I have high hopes for it and will continue to watch Bee and PuppyCat to see what it becomes. But honestly, I hope this whole trend of random, "quirky," awkward humor I have been seeing in cartoons these days eventually moves on and just becomes a fad or a stepping stone in the progression of cartoons and comedy. Especially because sometimes I feel that because of my exposure to it, I fall victim to it as well. In times of doubt I will reach into my "random box" for a joke that isn't actually that funny, it is just random and awkward with the illusion of being funny. I feel lazy when I do that. As someone who sometimes refers to herself as a kinda sorta comedy writer, I should do better than that.
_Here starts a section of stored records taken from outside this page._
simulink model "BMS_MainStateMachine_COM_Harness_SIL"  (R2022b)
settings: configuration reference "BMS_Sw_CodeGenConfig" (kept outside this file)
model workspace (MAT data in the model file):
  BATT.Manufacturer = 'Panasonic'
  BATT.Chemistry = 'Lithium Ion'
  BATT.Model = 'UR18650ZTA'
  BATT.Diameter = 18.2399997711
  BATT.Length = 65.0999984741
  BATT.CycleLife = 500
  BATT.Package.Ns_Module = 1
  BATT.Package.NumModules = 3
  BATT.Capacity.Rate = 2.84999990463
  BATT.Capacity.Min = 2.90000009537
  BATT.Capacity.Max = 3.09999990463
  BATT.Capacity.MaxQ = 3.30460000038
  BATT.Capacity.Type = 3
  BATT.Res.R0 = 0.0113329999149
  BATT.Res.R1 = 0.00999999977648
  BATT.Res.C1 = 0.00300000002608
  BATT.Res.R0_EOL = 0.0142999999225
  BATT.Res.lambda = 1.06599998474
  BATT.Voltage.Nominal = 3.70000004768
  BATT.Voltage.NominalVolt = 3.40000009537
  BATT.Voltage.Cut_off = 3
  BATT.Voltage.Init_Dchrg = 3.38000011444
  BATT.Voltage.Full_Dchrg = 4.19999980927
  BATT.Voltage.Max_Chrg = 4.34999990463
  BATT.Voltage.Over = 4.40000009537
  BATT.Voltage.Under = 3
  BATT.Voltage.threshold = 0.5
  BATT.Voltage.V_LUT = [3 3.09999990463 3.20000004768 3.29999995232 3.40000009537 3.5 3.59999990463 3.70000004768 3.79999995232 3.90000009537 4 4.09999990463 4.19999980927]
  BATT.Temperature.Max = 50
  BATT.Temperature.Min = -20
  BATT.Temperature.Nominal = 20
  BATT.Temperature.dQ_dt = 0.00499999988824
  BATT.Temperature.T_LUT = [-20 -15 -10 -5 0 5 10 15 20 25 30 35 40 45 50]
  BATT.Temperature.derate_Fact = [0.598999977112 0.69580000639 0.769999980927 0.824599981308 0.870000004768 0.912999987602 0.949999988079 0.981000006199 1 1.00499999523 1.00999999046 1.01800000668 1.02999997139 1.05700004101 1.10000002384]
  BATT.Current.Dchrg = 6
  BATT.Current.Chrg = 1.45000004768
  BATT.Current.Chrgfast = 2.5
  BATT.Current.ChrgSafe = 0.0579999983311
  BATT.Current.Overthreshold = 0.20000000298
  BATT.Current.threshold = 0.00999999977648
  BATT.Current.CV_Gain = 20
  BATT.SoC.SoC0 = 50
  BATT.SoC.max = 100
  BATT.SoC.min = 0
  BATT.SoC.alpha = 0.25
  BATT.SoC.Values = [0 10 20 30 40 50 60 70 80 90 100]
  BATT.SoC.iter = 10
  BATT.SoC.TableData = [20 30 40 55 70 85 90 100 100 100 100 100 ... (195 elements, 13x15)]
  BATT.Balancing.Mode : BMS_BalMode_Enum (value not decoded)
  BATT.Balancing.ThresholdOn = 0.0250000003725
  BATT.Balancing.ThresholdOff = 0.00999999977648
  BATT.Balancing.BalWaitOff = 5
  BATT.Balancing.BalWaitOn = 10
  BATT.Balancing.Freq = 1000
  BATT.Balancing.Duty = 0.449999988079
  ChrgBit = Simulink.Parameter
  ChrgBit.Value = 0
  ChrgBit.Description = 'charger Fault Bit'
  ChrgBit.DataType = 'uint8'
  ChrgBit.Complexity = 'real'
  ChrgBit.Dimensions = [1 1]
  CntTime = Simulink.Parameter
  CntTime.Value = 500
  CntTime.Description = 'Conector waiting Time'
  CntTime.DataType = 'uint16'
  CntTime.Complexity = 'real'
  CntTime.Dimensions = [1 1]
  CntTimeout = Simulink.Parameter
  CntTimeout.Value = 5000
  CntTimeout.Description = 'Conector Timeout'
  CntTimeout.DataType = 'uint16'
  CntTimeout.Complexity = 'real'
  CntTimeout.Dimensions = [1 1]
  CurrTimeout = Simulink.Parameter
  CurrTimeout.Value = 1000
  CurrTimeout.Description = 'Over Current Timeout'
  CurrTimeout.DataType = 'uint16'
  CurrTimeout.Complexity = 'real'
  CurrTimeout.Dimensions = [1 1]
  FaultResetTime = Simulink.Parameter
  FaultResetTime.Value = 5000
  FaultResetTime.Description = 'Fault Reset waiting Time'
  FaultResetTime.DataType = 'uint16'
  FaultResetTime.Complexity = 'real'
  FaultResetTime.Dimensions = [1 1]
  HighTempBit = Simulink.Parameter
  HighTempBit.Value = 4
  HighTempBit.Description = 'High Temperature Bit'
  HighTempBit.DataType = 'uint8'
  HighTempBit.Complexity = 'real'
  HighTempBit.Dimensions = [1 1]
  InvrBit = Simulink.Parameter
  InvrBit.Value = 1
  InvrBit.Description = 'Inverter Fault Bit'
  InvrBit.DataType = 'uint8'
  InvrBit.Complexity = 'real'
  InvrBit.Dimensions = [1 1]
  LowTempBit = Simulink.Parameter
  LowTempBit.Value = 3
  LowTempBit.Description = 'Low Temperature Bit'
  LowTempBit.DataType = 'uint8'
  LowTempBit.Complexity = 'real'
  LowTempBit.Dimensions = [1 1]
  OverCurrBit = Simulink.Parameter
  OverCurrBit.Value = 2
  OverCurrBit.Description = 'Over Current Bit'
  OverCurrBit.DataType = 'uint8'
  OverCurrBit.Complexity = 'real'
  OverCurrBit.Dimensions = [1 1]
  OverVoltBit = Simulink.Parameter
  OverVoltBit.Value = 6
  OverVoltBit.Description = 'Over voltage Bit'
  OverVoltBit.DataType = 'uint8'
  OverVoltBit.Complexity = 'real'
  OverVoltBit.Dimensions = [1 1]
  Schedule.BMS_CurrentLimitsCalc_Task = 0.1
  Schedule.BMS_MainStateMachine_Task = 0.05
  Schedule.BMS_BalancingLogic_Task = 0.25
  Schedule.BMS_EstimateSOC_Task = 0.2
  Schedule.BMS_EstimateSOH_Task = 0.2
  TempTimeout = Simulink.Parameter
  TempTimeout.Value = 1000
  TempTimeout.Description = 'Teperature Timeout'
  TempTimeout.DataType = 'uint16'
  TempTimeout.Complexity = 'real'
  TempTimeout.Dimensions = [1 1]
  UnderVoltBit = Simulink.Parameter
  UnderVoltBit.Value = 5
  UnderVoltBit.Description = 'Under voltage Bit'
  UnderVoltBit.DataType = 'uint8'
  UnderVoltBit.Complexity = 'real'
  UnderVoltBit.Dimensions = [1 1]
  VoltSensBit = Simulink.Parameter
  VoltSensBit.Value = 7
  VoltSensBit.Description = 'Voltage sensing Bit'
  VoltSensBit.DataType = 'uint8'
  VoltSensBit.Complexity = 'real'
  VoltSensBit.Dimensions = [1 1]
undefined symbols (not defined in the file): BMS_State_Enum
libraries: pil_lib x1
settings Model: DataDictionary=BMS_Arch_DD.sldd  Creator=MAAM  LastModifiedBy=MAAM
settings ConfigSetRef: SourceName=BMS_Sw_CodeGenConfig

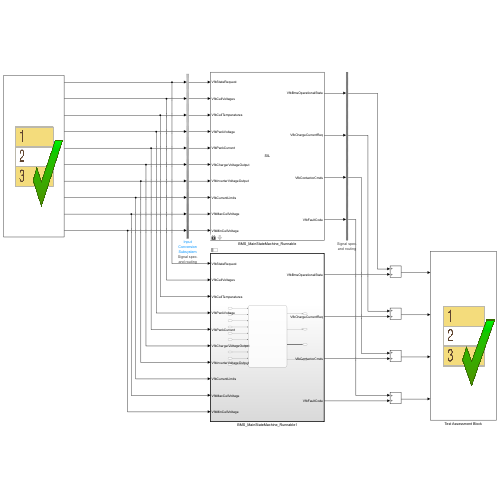
[thumbnail: Simulink's stored preview of the top-level diagram]
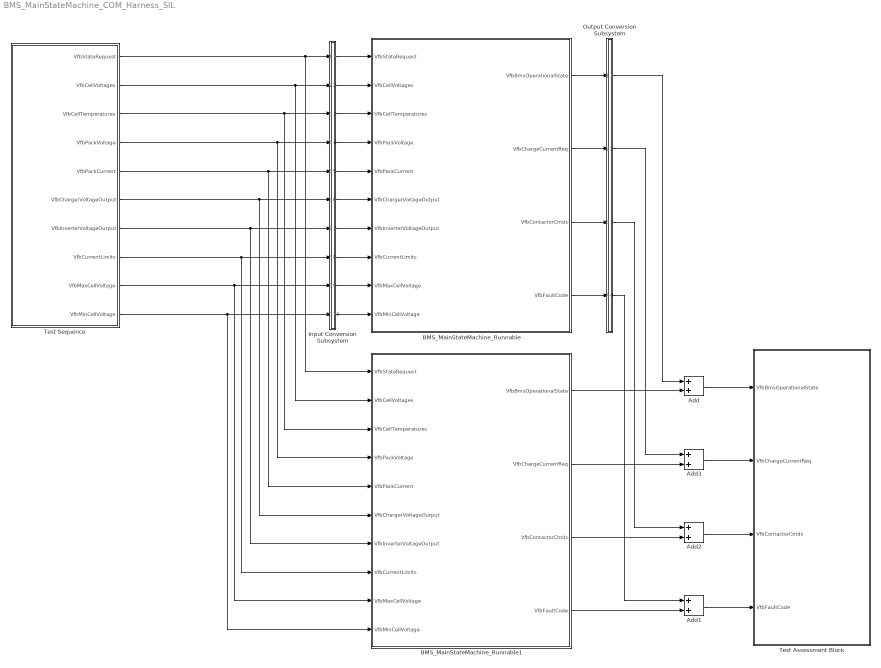
== system BMS_MainStateMachine_COM_Harness_SIL ==
  Add{,1..3} (4 alike) : Sum
  BMS_MainStateMachine_Runnable : Subsystem  Tag=__SL_testing_harness_stub_  DialogController=pil_create_dialog  LoadFcn=|
      | try
      |    if ~strcmp(rtw.pil.getPILVersion, '9.13 (R2022b)_15')
      |       set_param(gcb, 'DialogController', '');
      |       set_param(gcb, 'DialogControllerArgs', '');
      |    end
      | catch e
      |       set_param(gcb, 'DialogController', '');
      |       set_param(gcb, 'DialogControllerArgs', '');
      | end
      mask help: PIL:pil:XILBlockMaskDesc
      mask Display: disp('SIL');
  BMS_MainStateMachine_Runnable1 : Subsystem  Tag=BMS_MainStateMachine_Task  Priority=1  TreatAsAtomicUnit=on  ScheduleAs=Periodic partition  PartitionName=BMS_MainStateMachine_Task  SystemSampleTime=Schedule.BMS_MainStateMachine_Task
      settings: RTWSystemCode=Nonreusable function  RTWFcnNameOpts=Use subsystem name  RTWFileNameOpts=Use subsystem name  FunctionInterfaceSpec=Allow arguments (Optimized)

For now, I am going to go back to my good ol' humor stemmed from pain, which we all know is the best.

Classic comedy gold right there. 

Ok, that is all the non--completely-self-absorbed writing you get for now! I have to get back to complaining about my privileged white girl problems, stat! Otherwise I will melt. Into cheese.

Mmmm cheese...

If you are offended about anything I just wrote in the post above... well... WHAT DO I KNOW I AM JUST CHEESE.




Look at me. Totally random. No better than Bee and PuppyCat once more. I even used the Calarts face. For shame.